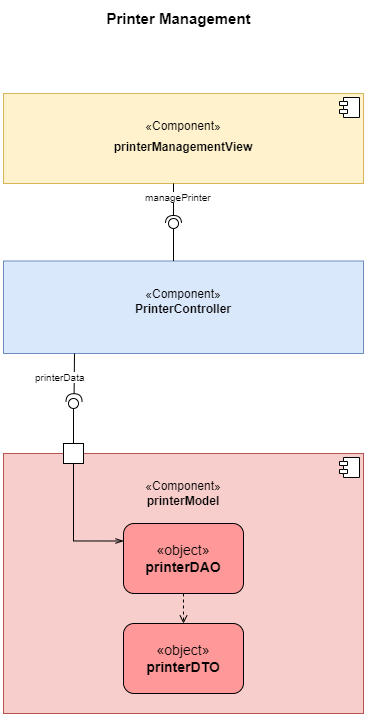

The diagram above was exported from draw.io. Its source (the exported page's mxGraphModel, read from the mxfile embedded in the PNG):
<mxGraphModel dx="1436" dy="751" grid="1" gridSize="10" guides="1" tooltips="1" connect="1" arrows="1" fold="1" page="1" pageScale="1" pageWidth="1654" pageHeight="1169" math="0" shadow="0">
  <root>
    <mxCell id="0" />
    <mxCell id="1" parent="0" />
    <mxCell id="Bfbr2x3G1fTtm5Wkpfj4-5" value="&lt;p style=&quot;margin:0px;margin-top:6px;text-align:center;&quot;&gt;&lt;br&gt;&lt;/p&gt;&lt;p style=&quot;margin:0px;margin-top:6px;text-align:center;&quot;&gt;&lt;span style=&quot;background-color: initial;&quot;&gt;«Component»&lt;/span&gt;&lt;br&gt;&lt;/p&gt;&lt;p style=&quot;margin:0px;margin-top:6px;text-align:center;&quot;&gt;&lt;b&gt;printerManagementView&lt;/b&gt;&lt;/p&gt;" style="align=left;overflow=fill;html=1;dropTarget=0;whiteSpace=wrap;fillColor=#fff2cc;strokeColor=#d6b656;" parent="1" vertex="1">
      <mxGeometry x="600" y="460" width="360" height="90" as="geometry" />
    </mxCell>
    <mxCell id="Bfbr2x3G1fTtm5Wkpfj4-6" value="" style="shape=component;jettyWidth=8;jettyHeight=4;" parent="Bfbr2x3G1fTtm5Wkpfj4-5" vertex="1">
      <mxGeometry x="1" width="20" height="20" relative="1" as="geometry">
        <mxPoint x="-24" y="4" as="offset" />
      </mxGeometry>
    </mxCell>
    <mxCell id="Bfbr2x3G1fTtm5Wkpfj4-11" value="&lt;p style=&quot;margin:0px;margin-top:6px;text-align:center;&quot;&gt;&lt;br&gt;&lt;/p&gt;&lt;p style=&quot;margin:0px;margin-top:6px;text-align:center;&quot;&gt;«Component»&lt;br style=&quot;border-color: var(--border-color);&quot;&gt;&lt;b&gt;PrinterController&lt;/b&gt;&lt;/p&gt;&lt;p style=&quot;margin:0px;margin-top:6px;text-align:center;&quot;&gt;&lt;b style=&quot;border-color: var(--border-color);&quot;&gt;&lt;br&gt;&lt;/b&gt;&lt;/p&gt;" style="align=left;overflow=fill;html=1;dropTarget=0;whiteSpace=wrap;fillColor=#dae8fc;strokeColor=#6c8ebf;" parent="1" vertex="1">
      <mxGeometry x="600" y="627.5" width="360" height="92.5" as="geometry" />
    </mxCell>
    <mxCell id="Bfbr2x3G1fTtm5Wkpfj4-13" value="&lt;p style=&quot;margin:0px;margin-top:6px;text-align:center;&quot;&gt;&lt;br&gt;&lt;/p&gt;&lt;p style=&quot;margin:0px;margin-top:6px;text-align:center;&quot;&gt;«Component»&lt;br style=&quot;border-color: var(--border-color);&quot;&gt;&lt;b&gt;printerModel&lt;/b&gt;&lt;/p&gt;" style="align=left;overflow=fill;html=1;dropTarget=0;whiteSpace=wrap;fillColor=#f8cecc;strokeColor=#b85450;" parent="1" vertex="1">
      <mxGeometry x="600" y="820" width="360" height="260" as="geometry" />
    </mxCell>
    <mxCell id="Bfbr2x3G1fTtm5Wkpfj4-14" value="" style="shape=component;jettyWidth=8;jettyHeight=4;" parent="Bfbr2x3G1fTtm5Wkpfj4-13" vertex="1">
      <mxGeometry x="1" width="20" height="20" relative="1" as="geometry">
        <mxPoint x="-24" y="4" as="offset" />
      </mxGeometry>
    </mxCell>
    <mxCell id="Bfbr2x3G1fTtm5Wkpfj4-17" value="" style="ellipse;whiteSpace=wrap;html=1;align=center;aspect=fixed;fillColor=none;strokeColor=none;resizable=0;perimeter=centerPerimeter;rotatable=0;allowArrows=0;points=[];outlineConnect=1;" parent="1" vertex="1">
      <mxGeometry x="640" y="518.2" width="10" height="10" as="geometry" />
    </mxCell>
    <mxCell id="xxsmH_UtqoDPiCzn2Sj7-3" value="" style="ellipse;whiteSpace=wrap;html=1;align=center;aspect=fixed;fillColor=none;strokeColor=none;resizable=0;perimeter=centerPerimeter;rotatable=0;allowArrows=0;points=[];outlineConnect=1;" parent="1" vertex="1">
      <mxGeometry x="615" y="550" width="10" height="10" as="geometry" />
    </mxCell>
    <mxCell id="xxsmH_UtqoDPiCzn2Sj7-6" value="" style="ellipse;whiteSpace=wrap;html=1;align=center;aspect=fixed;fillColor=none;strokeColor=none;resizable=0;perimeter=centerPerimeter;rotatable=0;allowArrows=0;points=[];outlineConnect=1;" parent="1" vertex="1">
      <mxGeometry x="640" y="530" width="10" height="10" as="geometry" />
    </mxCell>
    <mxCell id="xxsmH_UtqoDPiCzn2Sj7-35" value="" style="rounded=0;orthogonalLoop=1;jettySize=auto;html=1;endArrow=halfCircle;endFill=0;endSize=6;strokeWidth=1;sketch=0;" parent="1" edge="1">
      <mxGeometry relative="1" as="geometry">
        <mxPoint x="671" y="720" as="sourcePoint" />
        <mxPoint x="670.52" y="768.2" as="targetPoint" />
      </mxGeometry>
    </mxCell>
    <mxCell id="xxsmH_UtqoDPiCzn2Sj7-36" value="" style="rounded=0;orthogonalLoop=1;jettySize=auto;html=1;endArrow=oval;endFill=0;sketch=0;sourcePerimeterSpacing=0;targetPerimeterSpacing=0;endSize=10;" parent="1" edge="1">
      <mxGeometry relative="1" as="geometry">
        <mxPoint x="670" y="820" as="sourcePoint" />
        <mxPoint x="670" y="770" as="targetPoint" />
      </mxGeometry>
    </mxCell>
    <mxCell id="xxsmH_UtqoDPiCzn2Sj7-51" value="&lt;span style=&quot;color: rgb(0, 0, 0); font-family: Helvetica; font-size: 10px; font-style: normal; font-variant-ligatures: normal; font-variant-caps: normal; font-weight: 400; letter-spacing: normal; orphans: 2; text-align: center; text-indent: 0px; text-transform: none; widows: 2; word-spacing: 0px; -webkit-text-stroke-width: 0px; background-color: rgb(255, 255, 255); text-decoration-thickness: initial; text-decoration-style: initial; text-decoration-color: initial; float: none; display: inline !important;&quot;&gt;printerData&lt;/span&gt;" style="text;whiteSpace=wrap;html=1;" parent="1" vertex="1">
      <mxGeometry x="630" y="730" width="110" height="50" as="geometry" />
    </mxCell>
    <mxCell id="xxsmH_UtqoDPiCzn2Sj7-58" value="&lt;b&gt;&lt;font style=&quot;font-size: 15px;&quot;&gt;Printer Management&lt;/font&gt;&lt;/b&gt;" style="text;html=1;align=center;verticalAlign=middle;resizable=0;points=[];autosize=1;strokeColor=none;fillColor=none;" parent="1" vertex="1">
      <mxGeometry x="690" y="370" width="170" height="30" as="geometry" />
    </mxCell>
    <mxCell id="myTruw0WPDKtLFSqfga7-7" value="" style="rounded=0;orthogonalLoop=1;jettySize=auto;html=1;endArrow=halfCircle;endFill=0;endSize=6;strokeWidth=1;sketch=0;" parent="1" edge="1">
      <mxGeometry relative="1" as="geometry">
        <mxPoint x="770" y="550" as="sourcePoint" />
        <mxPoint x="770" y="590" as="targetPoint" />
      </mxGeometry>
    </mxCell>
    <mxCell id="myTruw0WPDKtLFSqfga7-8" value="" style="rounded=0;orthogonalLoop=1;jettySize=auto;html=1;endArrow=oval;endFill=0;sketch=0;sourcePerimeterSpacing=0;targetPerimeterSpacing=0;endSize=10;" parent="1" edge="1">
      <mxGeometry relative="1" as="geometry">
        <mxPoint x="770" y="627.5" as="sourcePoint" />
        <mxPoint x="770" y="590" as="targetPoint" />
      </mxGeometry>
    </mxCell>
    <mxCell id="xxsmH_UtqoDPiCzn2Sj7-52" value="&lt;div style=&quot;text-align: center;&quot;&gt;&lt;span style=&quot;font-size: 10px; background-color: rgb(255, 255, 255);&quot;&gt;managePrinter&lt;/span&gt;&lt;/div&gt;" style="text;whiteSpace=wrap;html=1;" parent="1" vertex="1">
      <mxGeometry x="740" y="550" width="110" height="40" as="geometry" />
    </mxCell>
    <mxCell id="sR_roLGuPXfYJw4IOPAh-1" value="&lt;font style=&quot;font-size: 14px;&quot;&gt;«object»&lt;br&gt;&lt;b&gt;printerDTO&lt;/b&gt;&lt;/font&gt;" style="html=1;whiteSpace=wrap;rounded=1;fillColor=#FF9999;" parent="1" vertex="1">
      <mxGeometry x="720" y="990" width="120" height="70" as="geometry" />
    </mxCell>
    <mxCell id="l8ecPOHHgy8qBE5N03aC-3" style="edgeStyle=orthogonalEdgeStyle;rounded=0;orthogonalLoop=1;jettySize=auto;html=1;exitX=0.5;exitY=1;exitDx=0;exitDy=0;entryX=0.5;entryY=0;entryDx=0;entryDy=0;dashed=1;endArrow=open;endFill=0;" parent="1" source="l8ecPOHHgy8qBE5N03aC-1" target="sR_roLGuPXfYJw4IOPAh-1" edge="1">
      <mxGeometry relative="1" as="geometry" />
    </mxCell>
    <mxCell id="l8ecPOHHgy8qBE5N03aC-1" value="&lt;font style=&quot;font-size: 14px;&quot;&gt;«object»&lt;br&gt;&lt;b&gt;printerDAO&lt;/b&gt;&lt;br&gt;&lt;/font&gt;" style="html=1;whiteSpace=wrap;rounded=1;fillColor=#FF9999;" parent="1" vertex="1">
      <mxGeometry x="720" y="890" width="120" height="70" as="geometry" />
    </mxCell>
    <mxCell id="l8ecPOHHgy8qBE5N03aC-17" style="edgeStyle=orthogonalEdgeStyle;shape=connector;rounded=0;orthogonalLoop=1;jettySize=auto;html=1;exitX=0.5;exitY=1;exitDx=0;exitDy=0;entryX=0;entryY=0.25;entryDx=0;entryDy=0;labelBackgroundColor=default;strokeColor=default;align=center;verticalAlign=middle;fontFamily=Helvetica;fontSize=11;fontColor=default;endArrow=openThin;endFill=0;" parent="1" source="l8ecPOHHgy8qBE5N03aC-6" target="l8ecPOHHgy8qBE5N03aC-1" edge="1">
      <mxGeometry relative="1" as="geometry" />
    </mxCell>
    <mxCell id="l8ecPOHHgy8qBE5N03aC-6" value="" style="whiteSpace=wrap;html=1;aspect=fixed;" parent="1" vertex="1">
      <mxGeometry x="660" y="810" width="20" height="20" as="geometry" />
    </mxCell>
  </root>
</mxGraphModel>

## WORK TASK
Copy all lines from the material that contain "jettyHeight".

## OUTPUT OF THE TASK
    <mxCell id="Bfbr2x3G1fTtm5Wkpfj4-6" value="" style="shape=component;jettyWidth=8;jettyHeight=4;" parent="Bfbr2x3G1fTtm5Wkpfj4-5" vertex="1">
    <mxCell id="Bfbr2x3G1fTtm5Wkpfj4-14" value="" style="shape=component;jettyWidth=8;jettyHeight=4;" parent="Bfbr2x3G1fTtm5Wkpfj4-13" vertex="1">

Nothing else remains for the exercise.